The Rochester Epidemiology Project ( REP) established in 1966 is a medical records-linkage system that covers almost the entire population of Olmsted County Minnesota.¹⁷ After obtaining Institutional Review Board approval with a waiver for informed consent, residents’ first documented urinary stone in Olmsted County, Minnesota between January 1^st 1984 and December 31^st 2012 were identified by International Classification of Diseases (ICD) - 9 codes 592 (calculus of kidney or urinary calculus), 594 (calculus of lower urinary tract), and 274.11 (uric acid nephrolithiasis).

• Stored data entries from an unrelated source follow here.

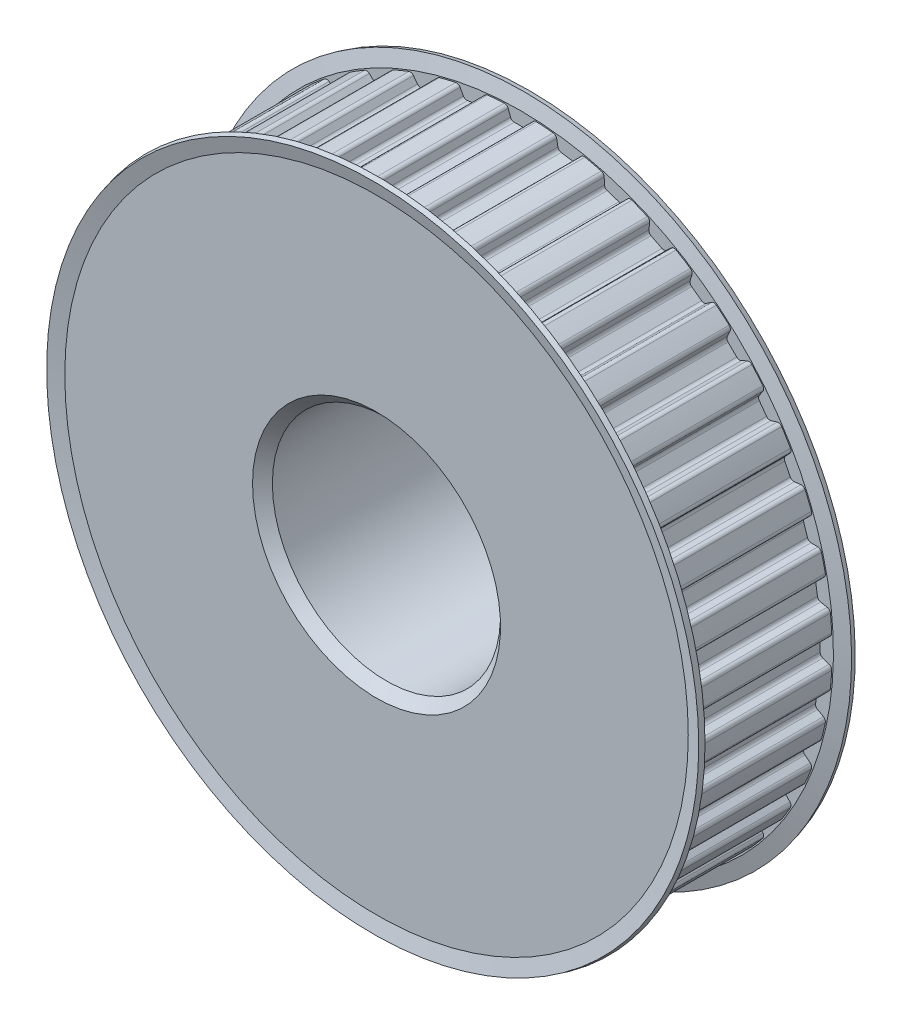
from build123d import *

# Parameters (mm, degrees)
SKETCH5_W           = 15
SKETCH5_H           = 31.425
SKETCH16_W          = 6
SKETCH16_H          = 20
SKETCH17_W          = 21
SKETCH17_H          = 4
CUT_TOOTH_REACH     = 51.153
PATTERN_TOOTH_COUNT = 40
CUT_EXTRUDE_1_DEPTH = 52.176166328
SKETCH_2_R          = 11.5
CUT_EXTRUDE_2_DEPTH = 30
CHAMFER_1_SIZE      = 1


with BuildPart() as part:
    # Sketch5 → body (revolve)
    with BuildSketch(Plane(origin=(0, 0, 0), x_dir=(0, 0, -1), z_dir=(1, 0, 0))):
        with Locations((7.5, 15.7125)):
            Rectangle(SKETCH5_W, SKETCH5_H)
    revolve(axis=Axis((0, 0, 0), (0, 0, -1)))

    # Sketch16 → body-hub (revolve)
    with BuildSketch(Plane(origin=(0, 0, 0), x_dir=(0, 0, -1), z_dir=(1, 0, 0))):
        with Locations((18, 10)):
            Rectangle(SKETCH16_W, SKETCH16_H)
    revolve(axis=Axis((0, 0, -21), (0, 0, 1)))

    # Sketch17 → body-bore (revolve, cut)
    with BuildSketch(Plane(origin=(0, 0, 0), x_dir=(0, 0, -1), z_dir=(1, 0, 0))):
        with Locations((10.5, 2)):
            Rectangle(SKETCH17_W, SKETCH17_H)
    revolve(axis=Axis((0, 0, -21), (0, 0, 1)), mode=Mode.SUBTRACT)

    # Sketch23 → cut-tooth (cut, up to next)
    with BuildSketch(Plane.XY, mode=Mode.PRIVATE) as cut_tooth_sk1:
        with BuildLine():
            Line((1.622438917, 32.583089666), (-1.622438917, 32.583089666))
            Line((-1.622438917, 32.583089666), (-1.622438917, 31.383089666))
            ThreePointArc((-1.622438917, 31.383089666), (-1.380894491, 31.317099285), (-1.225910299, 31.120431188))
            Line((-1.225910299, 31.120431188), (-0.995794033, 30.488191943))
            ThreePointArc((-0.995794033, 30.488191943), (-0.849347559, 30.297339182), (-0.619916985, 30.225))
            Line((-0.619916985, 30.225), (0.619916985, 30.225))
            ThreePointArc((0.619916985, 30.225), (0.849347559, 30.297339182), (0.995794033, 30.488191943))
            Line((0.995794033, 30.488191943), (1.225910299, 31.120431188))
            ThreePointArc((1.225910299, 31.120431188), (1.380894491, 31.317099285), (1.622438917, 31.383089666))
            Line((1.622438917, 31.383089666), (1.622438917, 32.583089666))
        make_face()
    cut_tooth_tool1 = extrude(cut_tooth_sk1.sketch, amount=-CUT_TOOTH_REACH, mode=Mode.PRIVATE) & part.part
    cut_tooth = cut_tooth_tool1.solids().sort_by_distance((0, 31.533212, 0))[0]
    add(cut_tooth, mode=Mode.SUBTRACT)

    # pattern-tooth: cut-tooth ×40 about axis
    pattern_tooth_axis = Axis((0, 0, 0), (0, 0, -1))
    for i in range(1, PATTERN_TOOTH_COUNT):
        add(cut_tooth.rotate(pattern_tooth_axis, i * 360 / PATTERN_TOOTH_COUNT), mode=Mode.SUBTRACT)

    # Sketch25 → body-flange-front (revolve)
    with BuildSketch(Plane(origin=(0, 0, 0), x_dir=(0, 0, -1), z_dir=(1, 0, 0))):
        Polygon((0.5, 28.71375), (0, 28.71375), (0, 31.425), (-0.386121593, 32.866025404), (0.113878407, 33), (0.5, 31.558974596), align=None)
    revolve(axis=Axis((0, 0, 0), (0, 0, -1)))

    # Sketch26 → body-flange-back (revolve)
    with BuildSketch(Plane(origin=(0, 0, 0), x_dir=(0, 0, -1), z_dir=(1, 0, 0))):
        Polygon((14.5, 28.71375), (15, 28.71375), (15, 31.425), (15.386121593, 32.866025404), (14.886121593, 33), (14.5, 31.558974596), align=None)
    revolve(axis=Axis((0, 0, -15), (0, 0, 1)))

    # Эскиз1 → Вырез-Вытянуть1 (cut, through all)
    with BuildSketch(Plane.XY):
        with BuildLine():
            Line((6.5, 3.741657387), (6.5, -3.741657387))
            ThreePointArc((6.5, -3.741657387), (-7.5, 0), (6.5, 3.741657387))
        make_face()
    extrude(amount=-CUT_EXTRUDE_1_DEPTH, mode=Mode.SUBTRACT)

    # Эскиз2 → Вырез-Вытянуть2 (cut)
    with BuildSketch(Plane.XY):
        Circle(SKETCH_2_R)
    extrude(amount=-CUT_EXTRUDE_2_DEPTH, mode=Mode.SUBTRACT)

    # Фаска1
    chamfer_1_edges = [part.edges().sort_by_distance(p)[0] for p in [
        (-11.5, 0, 0),
    ]]
    chamfer(chamfer_1_edges, length=CHAMFER_1_SIZE)


solid = part.part

These codes do not effectively distinguish between bladder and kidney stones. Non-stone formers were randomly sampled from the population of Olmsted county residents who are were at risk for an incident stone at the time of the stone former’s index date (date of stone diagnosis), and were matched to each stone former (4:1 ratio) on age ±1 year and gender. Both stone formers and non-stone formers were followed for subsequent ESRD and mortality outcomes. Non-stone formers who developed a stone after their index date during follow-up were censored at that point as a non-stone former (occurred in 3%). They were hence included in the stone former cohort with their own matched non-stone formers.

Stone formers categories

After chart review, stone formers were divided into five mutually exclusive categories (Figure 1): incident symptomatic kidney stone (first stone event during study period), recurrent symptomatic kidney stone (first stone event was prior to 1984 or residency in Olmsted County with recurrence in Olmsted County during the study period), asymptomatic kidney stone only (incidentally detected kidney stone on imaging in patients who did not have pain, gross hematuria, or ureteral obstruction from a stone), bladder stone only, and miscoded (not a urinary stone former). Symptomatic kidney stone formers were required to have abdominal pain and/or gross hematuria attributed to an obstructing kidney stone or to have a urinary tract infection attributed to the kidney stone (struvite composition or urine pH > 7.0). Incident symptomatic kidney stone formers were further subdivided into those that were confirmed (stone obstructing ureter on imaging or seen after passage) or suspected (clinical diagnosis with symptoms due to presumed stone passage but stone never imaged or seen after passage). In a random sample of 100 asymptomatic kidney stone formers and 100 miscoded stone formers, charts were reviewed to determine the reason imaging was obtained and the correct diagnoses, respectively.

Comorbidities

Comorbidities known to be associated with kidney stones and ESRD were identified from ICD-9 codes. These included hypertension, diabetes mellitus, obesity, dyslipidemia, gout, and CKD (Table S1). Comorbidities were considered baseline (prevalent) if they occurred prior to the index date.

Outcomes

All ESRD events (i.e. renal replacement therapy in the form of maintenance dialysis or kidney transplantation) through August 20, 2015 were identified via a query conducted in the United States Renal Data System, a comprehensive national database which collects, analyzes, and distributes information about ESRD in the United States.¹⁸ Both Olmsted County stone formers and non-stone formers were matched with the USRDS database. Charts were manually reviewed for validation of ESRD events in all stone formers and non-stone formers to determine the perceived primary cause of ESRD, and to identify cardiovascular and urological comorbidities present before the development of ESRD. If the primary cause of ESRD could not be determined from chart review, the primary cause listed in the USRDS database was used.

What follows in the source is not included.